▶ **Exercise brief**
Two lines in the data below mark the range: the one with "F5_T5_DEPTH = 32.8700576851" and the one with "# - a fillet or chamfer that". Return both, along with every line between them, exactly.

▶ **Source information**
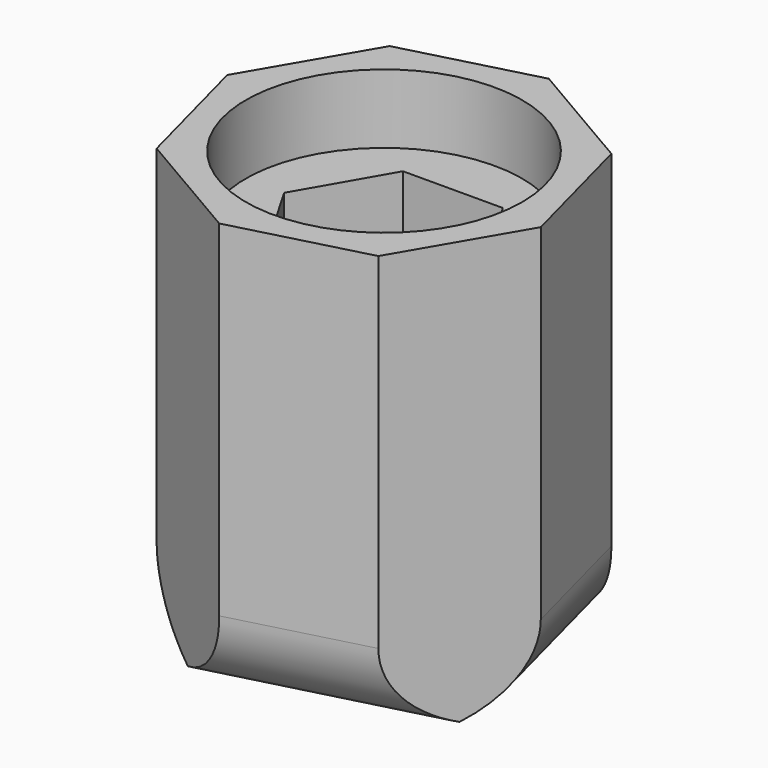
from build123d import *

# Parameters (mm, degrees)
F0_R        = 8
F1_DEPTH    = 20
F0_R_2      = 3
F2_DEPTH    = 5
F3_DEPTH    = 10
F4_DEPTH    = 16
F5_T1_DEPTH = 32.8700576851
F5_T3_DEPTH = 32.8700576851
F5_T5_DEPTH = 32.8700576851
F5_T7_DEPTH = 32.8700576851


# Not quite as in the source:
# - a fillet or chamfer that OpenCascade refuses, or shapes differently, is made with other operations: its cross-section is extruded or revolved along the edge and cut away or added


with BuildPart() as f1:
    # F0 (on Top) → F1 (new body)
    with BuildSketch(Plane.XY):
        Polygon((6.2218713056, -8.1867435191), (10.1884292501, -1.3893744663), (8.1867435191, 6.2218713056), (1.3893744663, 10.1884292501), (-6.2218713056, 8.1867435191), (-10.1884292501, 1.3893744663), (-8.1867435191, -6.2218713056), (-1.3893744663, -10.1884292501), align=None)
        Circle(F0_R, mode=Mode.SUBTRACT)
    extrude(amount=F1_DEPTH)

    # F0 (on Top) → F2 (join)
    with BuildSketch(Plane.XY):
        Polygon((6.2218713056, -8.1867435191), (10.1884292501, -1.3893744663), (8.1867435191, 6.2218713056), (1.3893744663, 10.1884292501), (-6.2218713056, 8.1867435191), (-10.1884292501, 1.3893744663), (-8.1867435191, -6.2218713056), (-1.3893744663, -10.1884292501), align=None)
        Circle(F0_R, mode=Mode.SUBTRACT)
        Circle(F0_R)
        Polygon((-2.8984208181, 4.9932444457), (2.8750661283, 5.0067282822), (5.7734869463, 0.0134838364), (2.8984208181, -4.9932444457), (-2.8750661283, -5.0067282822), (-5.7734869463, -0.0134838364), align=None, mode=Mode.SUBTRACT)
        Polygon((5.7734869463, 0.0134838364), (2.8750661283, 5.0067282822), (-2.8984208181, 4.9932444457), (-5.7734869463, -0.0134838364), (-2.8750661283, -5.0067282822), (2.8984208181, -4.9932444457), align=None)
        Circle(F0_R_2, mode=Mode.SUBTRACT)
        Circle(F0_R_2)
    extrude(amount=-F2_DEPTH)

    # F0 (on Top) → F3 (join)
    with BuildSketch(Plane.XY):
        Polygon((5.7734869463, 0.0134838364), (2.8750661283, 5.0067282822), (-2.8984208181, 4.9932444457), (-5.7734869463, -0.0134838364), (-2.8750661283, -5.0067282822), (2.8984208181, -4.9932444457), align=None)
        Circle(F0_R_2, mode=Mode.SUBTRACT)
    extrude(amount=F3_DEPTH)

    # F5: fillet of radius 5 on 4 edges, made by hand

    # F5_s2 → F5_t1 (cut)
    with BuildSketch(Plane(origin=(-15.8945523394, -4.1801171018, 0), x_dir=(0, 0, 1), z_dir=(0.9671143563, 0.2543419389, 0))):
        with BuildLine():
            ThreePointArc((0, 9.5), (-3.5355339059, 8.0355339059), (-5, 4.5))
            Line((-5, 4.5), (-5, 9.5))
            Line((-5, 9.5), (0, 9.5))
        make_face()
    extrude(amount=F5_T1_DEPTH, mode=Mode.SUBTRACT)

    # F5_s4 → F5_t3 (cut)
    with BuildSketch(Plane(origin=(-4.1801171018, 15.8945523394, 0), x_dir=(0, 0, 1), z_dir=(0.2543419389, -0.9671143563, 0))):
        with BuildLine():
            ThreePointArc((0, 9.5), (-3.5355339059, 8.0355339059), (-5, 4.5))
            Line((-5, 4.5), (-5, 9.5))
            Line((-5, 9.5), (0, 9.5))
        make_face()
    extrude(amount=F5_T3_DEPTH, mode=Mode.SUBTRACT)

    # F5_s6 → F5_t5 (cut)
    with BuildSketch(Plane(origin=(15.8945523394, 4.1801171018, 0), x_dir=(0, 0, 1), z_dir=(-0.9671143563, -0.2543419389, 0))):
        with BuildLine():
            ThreePointArc((-5, 4.5), (-3.5355339059, 8.0355339059), (0, 9.5))
            Line((0, 9.5), (-5, 9.5))
            Line((-5, 9.5), (-5, 4.5))
        make_face()
    extrude(amount=F5_T5_DEPTH, mode=Mode.SUBTRACT)

    # F5_s8 → F5_t7 (cut)
    with BuildSketch(Plane(origin=(4.1801171018, -15.8945523394, 0), x_dir=(0, 0, 1), z_dir=(-0.2543419389, 0.9671143563, 0))):
        with BuildLine():
            ThreePointArc((-5, 4.5), (-3.5355339059, 8.0355339059), (0, 9.5))
            Line((0, 9.5), (-5, 9.5))
            Line((-5, 9.5), (-5, 4.5))
        make_face()
    extrude(amount=F5_T7_DEPTH, mode=Mode.SUBTRACT)


with BuildPart() as f4:
    # F0 (on Top) → F4 (new body)
    with BuildSketch(Plane.XY):
        Circle(F0_R)
        Polygon((-2.8984208181, 4.9932444457), (2.8750661283, 5.0067282822), (5.7734869463, 0.0134838364), (2.8984208181, -4.9932444457), (-2.8750661283, -5.0067282822), (-5.7734869463, -0.0134838364), align=None, mode=Mode.SUBTRACT)
    extrude(amount=F4_DEPTH)


solid = Compound([f1.part, f4.part])
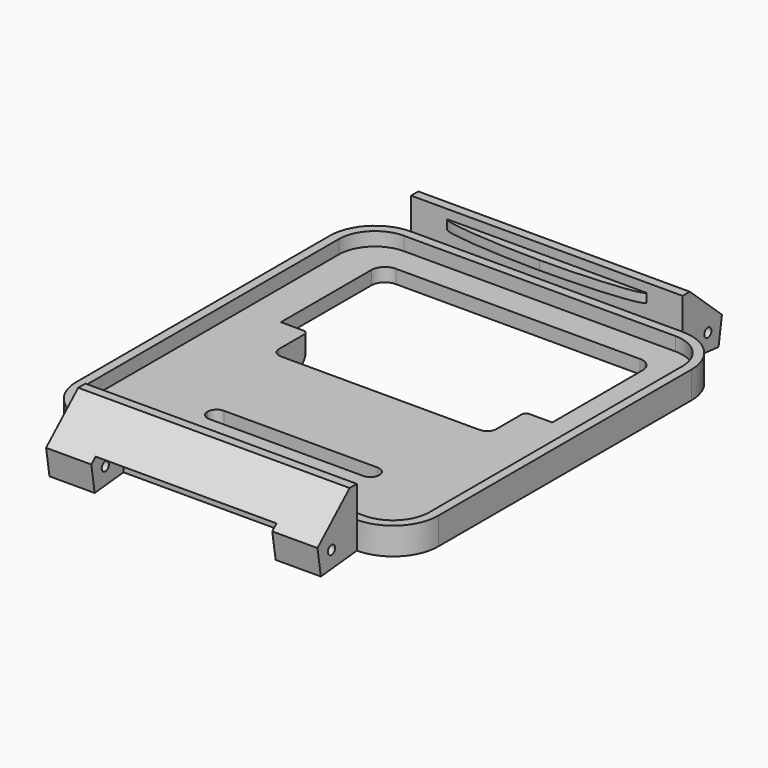
from build123d import *

# Parameters (mm, degrees)
F0_W           = 40
F0_H           = 45
F0_W_2         = 19
F0_H_2         = 2
F0_W_3         = 3
F0_H_3         = 5
F1_DEPTH       = 1.5
F2_DEPTH       = 2.5
F4_DEPTH       = 50
F5_R           = 0.99999
F6_R           = 1.5
F7_R           = 1
F8_R           = 0.5
F9_W           = 40
F9_H           = 45
F9_W_2         = 38
F9_H_2         = 43
F10_DEPTH      = 3
F11_R          = 4
F12_R          = 5
F14_DEPTH      = 15
F14_DEPTH_BACK = 15
F15_W          = 22
F15_H          = 1
F16_DEPTH      = 1
F18_DEPTH      = 1
F19_W          = 22
F19_H          = 1
F20_DEPTH      = 1
F22_DEPTH      = 1
F23_R          = 0.5
F24_DEPTH      = 30
F25_R          = 0.5
F26_DEPTH      = 30
F27_W          = 20
F27_H          = 6
F28_DEPTH      = 3
F28_DEPTH_BACK = 2


# Not quite as in the source:
# - a fillet or chamfer is up to 0.001 mm smaller than in the source, because OpenCascade refuses the exact size


with BuildPart() as f1:
    # F0 (on Top) → F1 (new body)
    with BuildSketch(Plane.XY):
        Rectangle(F0_W, F0_H)
        with Locations((0, -12.5)):
            Rectangle(F0_W_2, F0_H_2, mode=Mode.SUBTRACT)
        Polygon((-15, -0.5), (-15, 4.5), (-15, 18.5), (15, 18.5), (15, 4.5), (15, -0.5), (12, -0.5), (-12, -0.5), align=None, mode=Mode.SUBTRACT)
        with Locations((-13.5, 2)):
            Rectangle(F0_W_3, F0_H_3)
        with Locations((13.5, 2)):
            Rectangle(F0_W_3, F0_H_3)
    extrude(amount=F1_DEPTH)

    # F0 (on Top) → F2 (join)
    with BuildSketch(Plane.XY):
        with Locations((13.5, 2)):
            Rectangle(F0_W_3, F0_H_3)
        with Locations((-13.5, 2)):
            Rectangle(F0_W_3, F0_H_3)
    extrude(amount=-F2_DEPTH)

    # F3 (on face) → F4 (cut)
    with BuildSketch(Plane(origin=(-15, 0, 0), x_dir=(0, -1, 0), z_dir=(-1, 0, 0))):
        with BuildLine():
            add(Edge.make_bspline(
                [(-4.5, 0), (-4.0582373844, -1.0078166901), (-3.0291186922, -2.5), (-2, -2.5)],
                knots=[0, 0, 0, 0, 0.1816780837, 0.1816780837, 0.1816780837, 0.1816780837], degree=3))
            Line((-4.5, 0), (-4.5, -2.5))
            Line((-4.5, -2.5), (-2, -2.5))
        make_face()
        with BuildLine():
            Line((0.5, -2.5), (0.5, 0))
            add(Edge.make_bspline(
                [(-2, -2.5), (-0.9708813078, -2.5), (0.0582373844, -1.0078166901), (0.5, 0)],
                knots=[0.1816780837, 0.1816780837, 0.1816780837, 0.1816780837, 0.3633561673, 0.3633561673, 0.3633561673, 0.3633561673], degree=3))
            Line((-2, -2.5), (0.5, -2.5))
        make_face()
    extrude(amount=-F4_DEPTH, mode=Mode.SUBTRACT)

    # F5 (radius 1 in the source; OpenCascade refuses exactly that, so slightly less here)
    f5_edges = [f1.edges().sort_by_distance(p)[0] for p in [
        (9.5, -11.5, 0.75),
        (9.5, -13.5, 0.75),
        (-9.5, -11.5, 0.75),
        (-9.5, -13.5, 0.75),
    ]]
    fillet(f5_edges, radius=F5_R)

    # F6
    f6_edges = [f1.edges().sort_by_distance(p)[0] for p in [
        (-15, 18.5, 0.75),
        (15, 18.5, 0.75),
    ]]
    fillet(f6_edges, radius=F6_R)

    # F7
    f7_edges = [f1.edges().sort_by_distance(p)[0] for p in [
        (12, -0.5, 0.75),
        (-12, -0.5, 0.75),
    ]]
    fillet(f7_edges, radius=F7_R)

    # F8
    f8_edges = [f1.edges().sort_by_distance(p)[0] for p in [
        (12, 4.5, 0.75),
        (-12, 4.5, 0.75),
    ]]
    fillet(f8_edges, radius=F8_R)

    # F9 (on Top) → F10 (join)
    with BuildSketch(Plane.XY):
        Rectangle(F9_W, F9_H)
        Rectangle(F9_W_2, F9_H_2, mode=Mode.SUBTRACT)
    extrude(amount=F10_DEPTH)

    # F11
    f11_edges = [f1.edges().sort_by_distance(p)[0] for p in [
        (-19, 21.5, 2.25),
        (19, 21.5, 2.25),
        (19, -21.5, 2.25),
        (-19, -21.5, 2.25),
    ]]
    fillet(f11_edges, radius=F11_R)

    # F12
    f12_edges = [f1.edges().sort_by_distance(p)[0] for p in [
        (-20, -22.5, 1.5),
        (20, -22.5, 1.5),
        (20, 22.5, 1.5),
        (-20, 22.5, 1.5),
    ]]
    fillet(f12_edges, radius=F12_R)

    # F13 (on Right) → F14 (join, two sides)
    with BuildSketch(Plane.YZ) as f14_sk:
        Polygon((22.5, 6.5), (22.5, 0), (27.4749371855, -0.5), (27.9395025565, 2.4638115689), (23.5, 6.5), align=None)
        Polygon((-27.4749371855, -0.5), (-22.5, 0), (-22.5, 6.5), (-23.5, 6.5), (-27.9395025565, 2.4638115689), align=None)
    extrude(amount=F14_DEPTH)
    extrude(f14_sk.sketch, amount=-F14_DEPTH_BACK)

    # F15 (on face) → F16 (join)
    with BuildSketch(Plane.XZ.offset(-22.5)):
        with Locations((0, 5)):
            Rectangle(F15_W, F15_H)
    extrude(amount=F16_DEPTH)

    # F17 (on face) → F18 (cut)
    with BuildSketch(Plane.XY.offset(5.5)):
        with BuildLine():
            Line((-11, 21.5), (0, 21.5))
            add(Edge.make_bspline(
                [(0, 21.5), (-5.5, 21.5), (-11, 22), (-11, 22.5)],
                knots=[0, 0, 0, 0, 0.25, 0.25, 0.25, 0.25], degree=3))
            Line((-11, 22.5), (-11, 21.5))
        make_face()
        with BuildLine():
            add(Edge.make_bspline(
                [(11, 22.5), (11, 22), (5.5, 21.5), (0, 21.5)],
                knots=[0.75, 0.75, 0.75, 0.75, 1, 1, 1, 1], degree=3))
            Line((0, 21.5), (11, 21.5))
            Line((11, 21.5), (11, 22.5))
        make_face()
    extrude(amount=-F18_DEPTH, mode=Mode.SUBTRACT)

    # F19 (on face) → F20 (join)
    with BuildSketch(Plane(origin=(0, -22.5, 0), x_dir=(-1, 0, 0), z_dir=(0, 1, 0))):
        with Locations((0, 5)):
            Rectangle(F19_W, F19_H)
    extrude(amount=F20_DEPTH)

    # F21 (on face) → F22 (cut)
    with BuildSketch(Plane.XY.offset(5.5)):
        with BuildLine():
            Line((11, -21.5), (0, -21.5))
            add(Edge.make_bspline(
                [(0, -21.5), (5.5, -21.5), (11, -22), (11, -22.5)],
                knots=[0, 0, 0, 0, 0.25, 0.25, 0.25, 0.25], degree=3))
            Line((11, -22.5), (11, -21.5))
        make_face()
        with BuildLine():
            add(Edge.make_bspline(
                [(-11, -22.5), (-11, -22), (-5.5, -21.5), (0, -21.5)],
                knots=[0.75, 0.75, 0.75, 0.75, 1, 1, 1, 1], degree=3))
            Line((0, -21.5), (-11, -21.5))
            Line((-11, -21.5), (-11, -22.5))
        make_face()
    extrude(amount=-F22_DEPTH, mode=Mode.SUBTRACT)

    # F23 (on face) → F24 (cut)
    with BuildSketch(Plane.YZ.offset(15)):
        with Locations((26, 1.5)):
            Circle(F23_R)
    extrude(amount=-F24_DEPTH, mode=Mode.SUBTRACT)

    # F25 (on face) → F26 (cut)
    with BuildSketch(Plane.YZ.offset(15)):
        with Locations((-26, 1.5)):
            Circle(F25_R)
    extrude(amount=-F26_DEPTH, mode=Mode.SUBTRACT)

    # F27 (on Top) → F28 (cut, two sides)
    with BuildSketch(Plane.XY) as f28_sk:
        with Locations((0, 26.5)):
            Rectangle(F27_W, F27_H)
        with Locations((0, -26.5)):
            Rectangle(F27_W, F27_H)
    extrude(amount=F28_DEPTH, mode=Mode.SUBTRACT)
    extrude(f28_sk.sketch, amount=-F28_DEPTH_BACK, mode=Mode.SUBTRACT)


solid = f1.part

▶ **The completed task**
F5_T5_DEPTH = 32.8700576851
F5_T7_DEPTH = 32.8700576851


# Not quite as in the source:
# - a fillet or chamfer that OpenCascade refuses, or shapes differently, is made with other operations: its cross-section is extruded or revolved along the edge and cut away or added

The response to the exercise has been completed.